Records contained in a dataset
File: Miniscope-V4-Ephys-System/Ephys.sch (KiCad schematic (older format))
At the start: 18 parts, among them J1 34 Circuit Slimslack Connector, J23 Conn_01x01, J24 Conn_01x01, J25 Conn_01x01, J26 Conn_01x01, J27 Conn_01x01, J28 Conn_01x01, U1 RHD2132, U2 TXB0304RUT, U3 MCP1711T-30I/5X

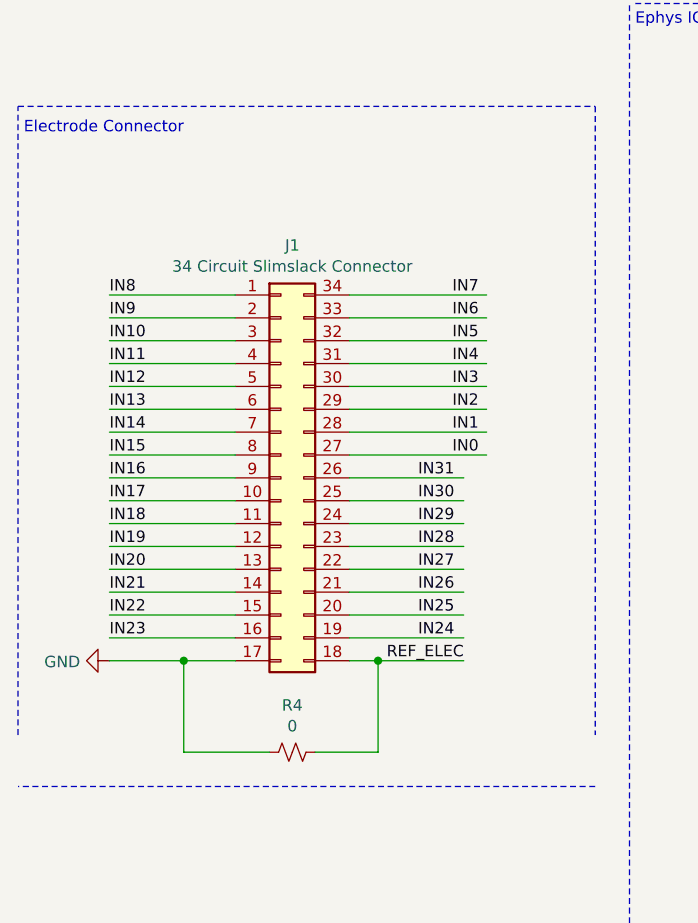
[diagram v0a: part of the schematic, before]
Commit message: Switch to female slimstack and reorder pins to batch 32ch silicon probe connector
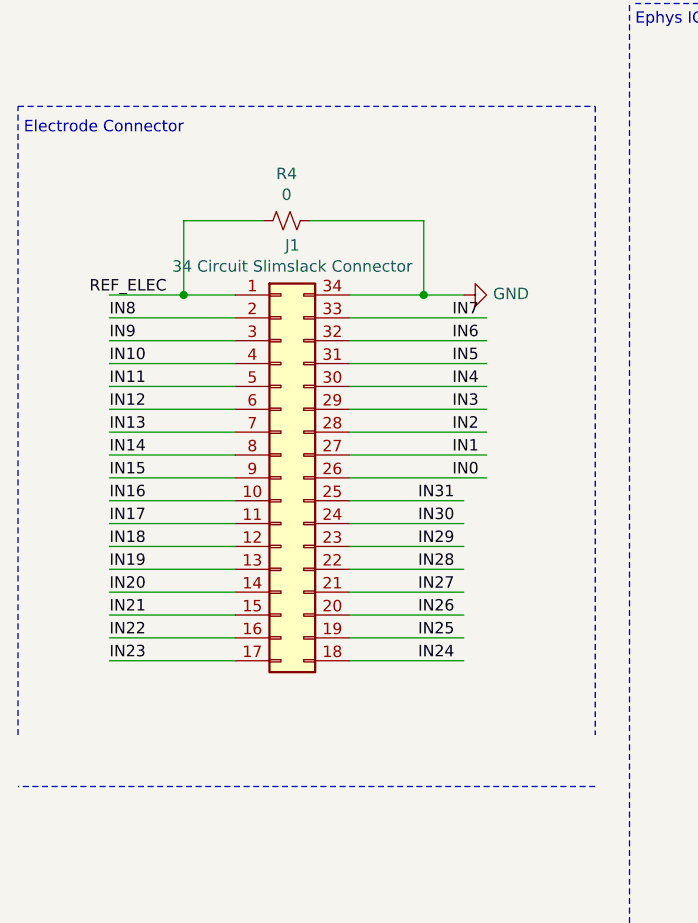
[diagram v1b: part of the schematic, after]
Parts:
- J1: footprint .Connector:SS_5046223412 -> .Connector:SS_5046183412
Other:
- moved on the sheet: R4
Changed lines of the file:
@@
 F 0 "J1" H 2000 4442 50  0000 C CNN
 F 1 "34  Circuit Slimslack Connector" H 2000 4350 50  0000 C CNN
-F 2 ".Connector:SS_5046223412" H 1950 3425 50  0001 C CNN
+F 2 ".Connector:SS_5046183412" H 1950 3425 50  0001 C CNN
 F 3 "~" H 1950 3425 50  0001 C CNN
 	1    1950 3425
@@
 	3325 4775 800  4775
 Wire Wire Line
+	1750 3925 1200 3925
+Wire Wire Line
+	1750 4025 1200 4025
+Wire Wire Line
+	1750 4125 1200 4125
+Wire Wire Line
+	1750 4225 1200 4225
+Text Label 1200 4225 0    50   ~ 0
+IN23
+Text Label 1200 4125 0    50   ~ 0
+IN22
+Text Label 1200 4025 0    50   ~ 0
+IN21
+Text Label 1200 3925 0    50   ~ 0
+IN20
+Text Label 1200 3825 0    50   ~ 0
+IN19
+Text Label 1200 3725 0    50   ~ 0
+IN18
+Text Label 1200 3625 0    50   ~ 0
+IN17
+Text Label 1200 3525 0    50   ~ 0
+IN16
+Text Label 1200 3425 0    50   ~ 0
+IN15
+Text Label 1200 3325 0    50   ~ 0
+IN14
+Text Label 1200 3225 0    50   ~ 0
+IN13
+Text Label 1200 3125 0    50   ~ 0
+IN12
+Text Label 1200 3025 0    50   ~ 0
+IN11
+Text Label 1200 2925 0    50   ~ 0
+IN10
+Text Label 1200 2825 0    50   ~ 0
+IN9
+Text Label 1200 2725 0    50   ~ 0
+IN8
+Wire Wire Line
 	1750 3825 1200 3825
 Wire Wire Line
-	1750 3925 1200 3925
-Wire Wire Line
-	1750 4025 1200 4025
-Wire Wire Line
-	1750 4125 1200 4125
-Text Label 1200 4125 0    50   ~ 0
-IN23
-Text Label 1200 4025 0    50   ~ 0
-IN22
-Text Label 1200 3925 0    50   ~ 0
-IN21
-Text Label 1200 3825 0    50   ~ 0
-IN20
-Text Label 1200 3725 0    50   ~ 0
-IN19
-Text Label 1200 3625 0    50   ~ 0
-IN18
-Text Label 1200 3525 0    50   ~ 0
-IN17
-Text Label 1200 3425 0    50   ~ 0
-IN16
-Text Label 1200 3325 0    50   ~ 0
-IN15
-Text Label 1200 3225 0    50   ~ 0
-IN14
-Text Label 1200 3125 0    50   ~ 0
-IN13
-Text Label 1200 3025 0    50   ~ 0
-IN12
-Text Label 1200 2925 0    50   ~ 0
-IN11
-Text Label 1200 2825 0    50   ~ 0
-IN10
-Text Label 1200 2725 0    50   ~ 0
-IN9
-Text Label 1200 2625 0    50   ~ 0
-IN8
-Wire Wire Line
 	1750 3725 1200 3725
 Wire Wire Line
@@
 	1750 2725 1200 2725
 Wire Wire Line
-	1750 2625 1200 2625
+	2250 3625 2750 3625
+Wire Wire Line
+	2250 3125 2850 3125
+Wire Wire Line
+	2250 3325 2850 3325
 Wire Wire Line
 	2250 3525 2750 3525
+Text Label 2550 4225 0    50   ~ 0
+IN24
+Text Label 2550 4125 0    50   ~ 0
+IN25
+Text Label 2550 4025 0    50   ~ 0
+IN26
+Text Label 2550 3925 0    50   ~ 0
+IN27
+Text Label 2550 3825 0    50   ~ 0
+IN28
+Text Label 2550 3725 0    50   ~ 0
+IN29
+Text Label 2550 3625 0    50   ~ 0
+IN30
+Text Label 2550 3525 0    50   ~ 0
+IN31
+Text Label 2700 3425 0    50   ~ 0
+IN0
+Text Label 2700 3325 0    50   ~ 0
+IN1
+Text Label 2700 3225 0    50   ~ 0
+IN2
+Text Label 2700 3125 0    50   ~ 0
+IN3
+Text Label 2700 3025 0    50   ~ 0
+IN4
+Text Label 2700 2925 0    50   ~ 0
+IN5
+Text Label 2700 2825 0    50   ~ 0
+IN6
+Wire Wire Line
+	2250 4225 2750 4225
+Wire Wire Line
+	2250 4125 2750 4125
+Wire Wire Line
+	2250 4025 2750 4025
+Wire Wire Line
+	2250 3925 2750 3925
+Wire Wire Line
+	2250 3825 2750 3825
+Wire Wire Line
+	2250 3725 2750 3725
+Wire Wire Line
+	2250 3425 2850 3425
+Wire Wire Line
+	2250 3225 2850 3225
 Wire Wire Line
 	2250 3025 2850 3025
 Wire Wire Line
-	2250 3225 2850 3225
-Wire Wire Line
-	2250 3425 2750 3425
-Text Label 2550 4125 0    50   ~ 0
-IN24
-Text Label 2550 4025 0    50   ~ 0
-IN25
-Text Label 2550 3925 0    50   ~ 0
-IN26
-Text Label 2550 3825 0    50   ~ 0
-IN27
-Text Label 2550 3725 0    50   ~ 0
-IN28
-Text Label 2550 3625 0    50   ~ 0
-IN29
-Text Label 2550 3525 0    50   ~ 0
-IN30
-Text Label 2550 3425 0    50   ~ 0
-IN31
-Text Label 2700 3325 0    50   ~ 0
-IN0
-Text Label 2700 3225 0    50   ~ 0
-IN1
-Text Label 2700 3125 0    50   ~ 0
-IN2
-Text Label 2700 3025 0    50   ~ 0
-IN3
-Text Label 2700 2925 0    50   ~ 0
-IN4
-Text Label 2700 2825 0    50   ~ 0
-IN5
+	2250 2925 2850 2925
+Wire Wire Line
+	2250 2825 2850 2825
 Text Label 2700 2725 0    50   ~ 0
-IN6
-Wire Wire Line
-	2250 4125 2750 4125
-Wire Wire Line
-	2250 4025 2750 4025
-Wire Wire Line
-	2250 3925 2750 3925
-Wire Wire Line
-	2250 3825 2750 3825
-Wire Wire Line
-	2250 3725 2750 3725
-Wire Wire Line
-	2250 3625 2750 3625
-Wire Wire Line
-	2250 3325 2850 3325
-Wire Wire Line
-	2250 3125 2850 3125
-Wire Wire Line
-	2250 2925 2850 2925
-Wire Wire Line
-	2250 2825 2850 2825
+IN7
 Wire Wire Line
 	2250 2725 2850 2725
-Text Label 2700 2625 0    50   ~ 0
-IN7
-Wire Wire Line
-	2250 2625 2850 2625
 $Comp
 L .Device:R_Small_US R?
 U 1 1 5EE9E203
-P 2000 4625
+P 1975 2300
 AR Path="/5EE9E203" Ref="R?"  Part="1"
 AR Path="/5EE85536/5EE9E203" Ref="R4"  Part="1"
-F 0 "R4" V 1795 4625 50  0000 C CNN
-F 1 "0" V 1886 4625 50  0000 C CNN
-F 2 ".Resistor:R_0201_0603Metric_ERJ_L" H 2000 4625 50  0001 C CNN
-F 3 "~" H 2000 4625 50  0001 C CNN
-	1    2000 4625
+F 0 "R4" V 1770 2300 50  0000 C CNN
+F 1 "0" V 1861 2300 50  0000 C CNN
+F 2 ".Resistor:R_0201_0603Metric_ERJ_L" H 1975 2300 50  0001 C CNN
+F 3 "~" H 1975 2300 50  0001 C CNN
+	1    1975 2300
 	0    1    1    0
 $EndComp
-Wire Wire Line
-	2375 4225 2750 4225
-Connection ~ 2375 4225
-Wire Wire Line
-	2375 4625 2375 4225
-Wire Wire Line
-	2100 4625 2375 4625
-Wire Wire Line
-	2250 4225 2375 4225
-Text Label 2750 4225 2    50   ~ 0
+Text Label 1450 2625 2    50   ~ 0
 REF_ELEC
-Wire Wire Line
-	1525 4225 1200 4225
-Connection ~ 1525 4225
-Wire Wire Line
-	1525 4625 1900 4625
-Wire Wire Line
-	1525 4225 1525 4625
-Wire Wire Line
-	1750 4225 1525 4225
 $Comp
 L power:GND #PWR?
 U 1 1 5EE9E214
-P 1200 4225
+P 2750 2625
 AR Path="/5EE9E214" Ref="#PWR?"  Part="1"
 AR Path="/5EE85536/5EE9E214" Ref="#PWR0101"  Part="1"
-F 0 "#PWR0101" H 1200 3975 50  0001 C CNN
-F 1 "GND" V 1205 4097 50  0000 R CNN
-F 2 "" H 1200 4225 50  0001 C CNN
-F 3 "" H 1200 4225 50  0001 C CNN
-	1    1200 4225
-	0    1    1    0
+F 0 "#PWR0101" H 2750 2375 50  0001 C CNN
+F 1 "GND" V 2755 2497 50  0000 R CNN
+F 2 "" H 2750 2625 50  0001 C CNN
+F 3 "" H 2750 2625 50  0001 C CNN
+	1    2750 2625
+	0    -1   -1   0
 $EndComp
 $Comp
@@
 Wire Wire Line
 	8575 5275 9325 5275
+Wire Wire Line
+	1200 2625 1525 2625
+Wire Wire Line
+	2250 2625 2575 2625
+Wire Wire Line
+	2575 2625 2575 2300
+Wire Wire Line
+	2575 2300 2075 2300
+Connection ~ 2575 2625
+Wire Wire Line
+	2575 2625 2750 2625
+Wire Wire Line
+	1875 2300 1525 2300
+Wire Wire Line
+	1525 2300 1525 2625
+Connection ~ 1525 2625
+Wire Wire Line
+	1525 2625 1750 2625
 $EndSCHEMATC

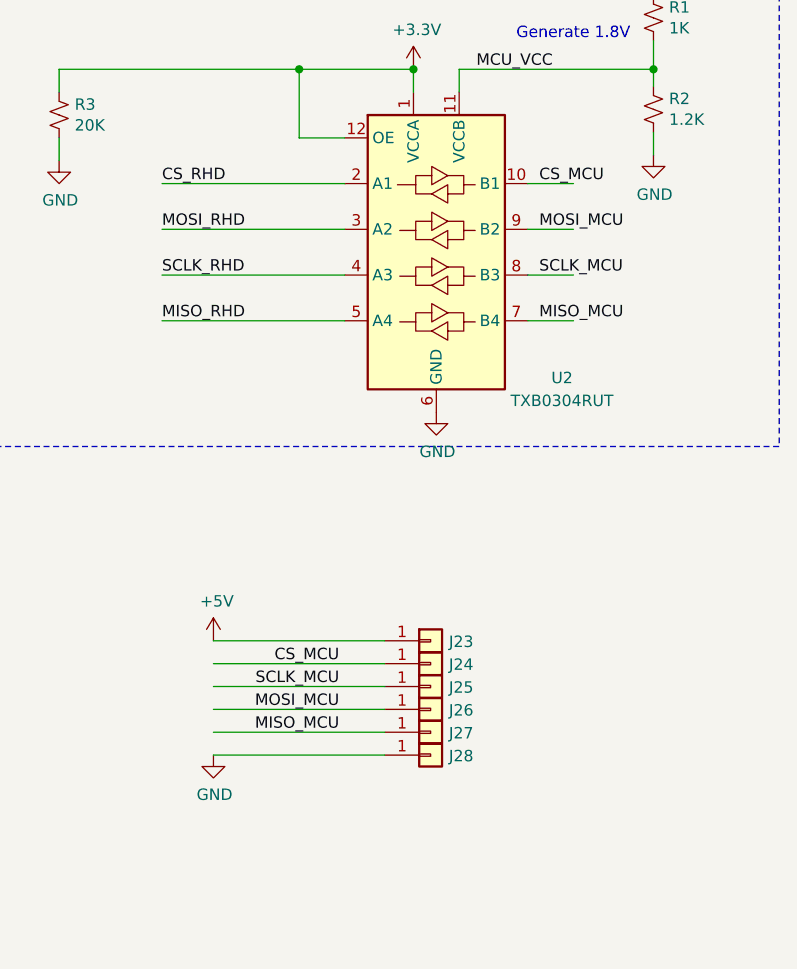
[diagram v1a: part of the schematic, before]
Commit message: Finish routing Ephys and Connector PCBs. Decrease layer count to 4.
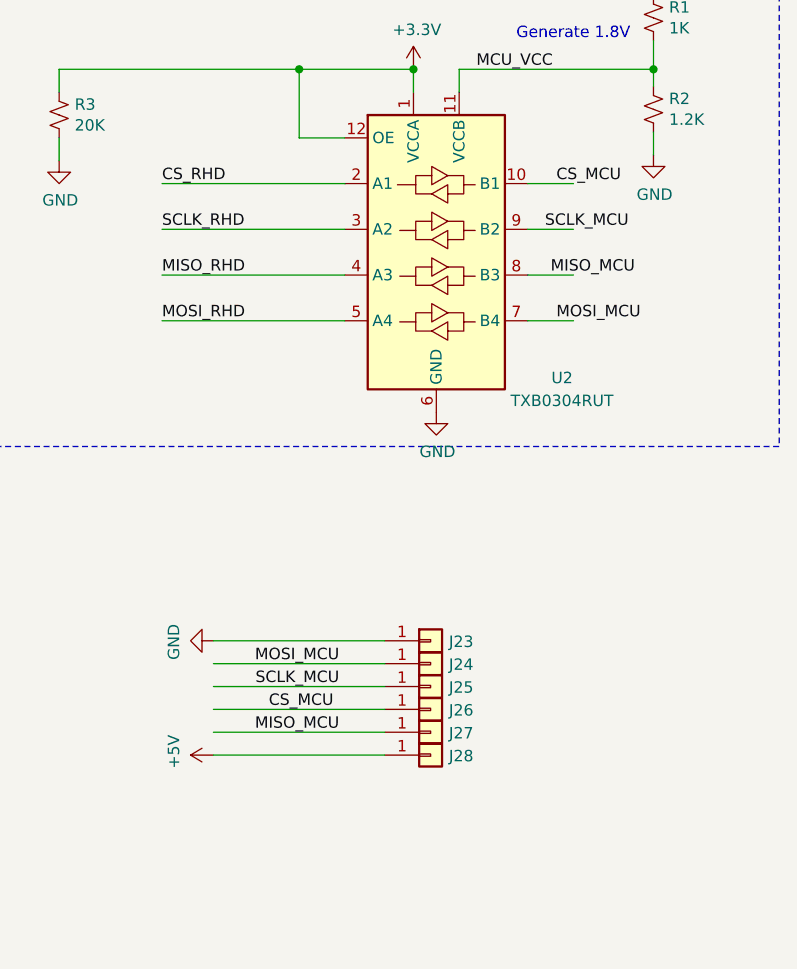
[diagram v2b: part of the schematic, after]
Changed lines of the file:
@@
 	1    0    0    -1
 $EndComp
+Text Label 8350 3675 0    50   ~ 0
+MISO_RHD
+Wire Wire Line
+	9150 3875 8350 3875
+Text Label 8350 3475 0    50   ~ 0
+SCLK_RHD
 Text Label 8350 3875 0    50   ~ 0
-MISO_RHD
-Wire Wire Line
-	9150 3875 8350 3875
-Text Label 8350 3675 0    50   ~ 0
-SCLK_RHD
-Text Label 8350 3475 0    50   ~ 0
 MOSI_RHD
 Text Label 8350 3275 0    50   ~ 0
@@
 Text Notes 1000 5875 0    50   ~ 0
 +3.3V Regulator
-Text Label 10000 3275 0    50   ~ 0
+Text Label 10075 3275 0    50   ~ 0
 CS_MCU
-Text Label 10000 3475 0    50   ~ 0
+Text Label 10075 3875 0    50   ~ 0
 MOSI_MCU
-Text Label 10000 3675 0    50   ~ 0
+Text Label 10025 3475 0    50   ~ 0
 SCLK_MCU
-Text Label 10000 3875 0    50   ~ 0
+Text Label 10050 3675 0    50   ~ 0
 MISO_MCU
 $Comp
 L power:+5V #PWR?
 U 1 1 5F13ABB9
-P 8575 5275
+P 8575 5775
 AR Path="/5EEA60FC/5F13ABB9" Ref="#PWR?"  Part="1"
 AR Path="/5EEA5765/5F13ABB9" Ref="#PWR?"  Part="1"
 AR Path="/5EE85536/5F13ABB9" Ref="#PWR01"  Part="1"
-F 0 "#PWR01" H 8575 5125 50  0001 C CNN
-F 1 "+5V" H 8590 5448 50  0000 C CNN
+F 0 "#PWR01" H 8575 5625 50  0001 C CNN
+F 1 "+5V" H 8590 5948 50  0000 C CNN
+F 2 "" H 8575 5775 50  0001 C CNN
+F 3 "" H 8575 5775 50  0001 C CNN
+	1    8575 5775
+	0    -1   -1   0
+$EndComp
+$Comp
+L power:GND #PWR?
+U 1 1 5F13ABBF
+P 8575 5275
+AR Path="/5EEA60FC/5F13ABBF" Ref="#PWR?"  Part="1"
+AR Path="/5EEA5765/5F13ABBF" Ref="#PWR?"  Part="1"
+AR Path="/5EE85536/5F13ABBF" Ref="#PWR02"  Part="1"
+F 0 "#PWR02" H 8575 5025 50  0001 C CNN
+F 1 "GND" H 8580 5102 50  0000 C CNN
 F 2 "" H 8575 5275 50  0001 C CNN
 F 3 "" H 8575 5275 50  0001 C CNN
 	1    8575 5275
-	1    0    0    -1
-$EndComp
-$Comp
-L power:GND #PWR?
-U 1 1 5F13ABBF
-P 8575 5775
-AR Path="/5EEA60FC/5F13ABBF" Ref="#PWR?"  Part="1"
-AR Path="/5EEA5765/5F13ABBF" Ref="#PWR?"  Part="1"
-AR Path="/5EE85536/5F13ABBF" Ref="#PWR02"  Part="1"
-F 0 "#PWR02" H 8575 5525 50  0001 C CNN
-F 1 "GND" H 8580 5602 50  0000 C CNN
-F 2 "" H 8575 5775 50  0001 C CNN
-F 3 "" H 8575 5775 50  0001 C CNN
-	1    8575 5775
-	1    0    0    -1
+	0    1    1    0
 $EndComp
 Text Label 9125 5675 2    50   ~ 0
 MISO_MCU
-Text Label 9125 5575 2    50   ~ 0
+Text Label 9125 5375 2    50   ~ 0
 MOSI_MCU
 Text Label 9125 5475 2    50   ~ 0
 SCLK_MCU
-Text Label 9125 5375 2    50   ~ 0
+Text Label 9100 5575 2    50   ~ 0
 CS_MCU
 $Comp

Task to carry out —
Return exactly, and only, the lines above starting at the line that contains "H 8580 5602" and ending at the line that contains "-Text Label 9125 5375".

Result of the exercise —
-F 1 "GND" H 8580 5602 50  0000 C CNN
-F 2 "" H 8575 5775 50  0001 C CNN
-F 3 "" H 8575 5775 50  0001 C CNN
-	1    8575 5775
-	1    0    0    -1
+	0    1    1    0
 $EndComp
 Text Label 9125 5675 2    50   ~ 0
 MISO_MCU
-Text Label 9125 5575 2    50   ~ 0
+Text Label 9125 5375 2    50   ~ 0
 MOSI_MCU
 Text Label 9125 5475 2    50   ~ 0
 SCLK_MCU
-Text Label 9125 5375 2    50   ~ 0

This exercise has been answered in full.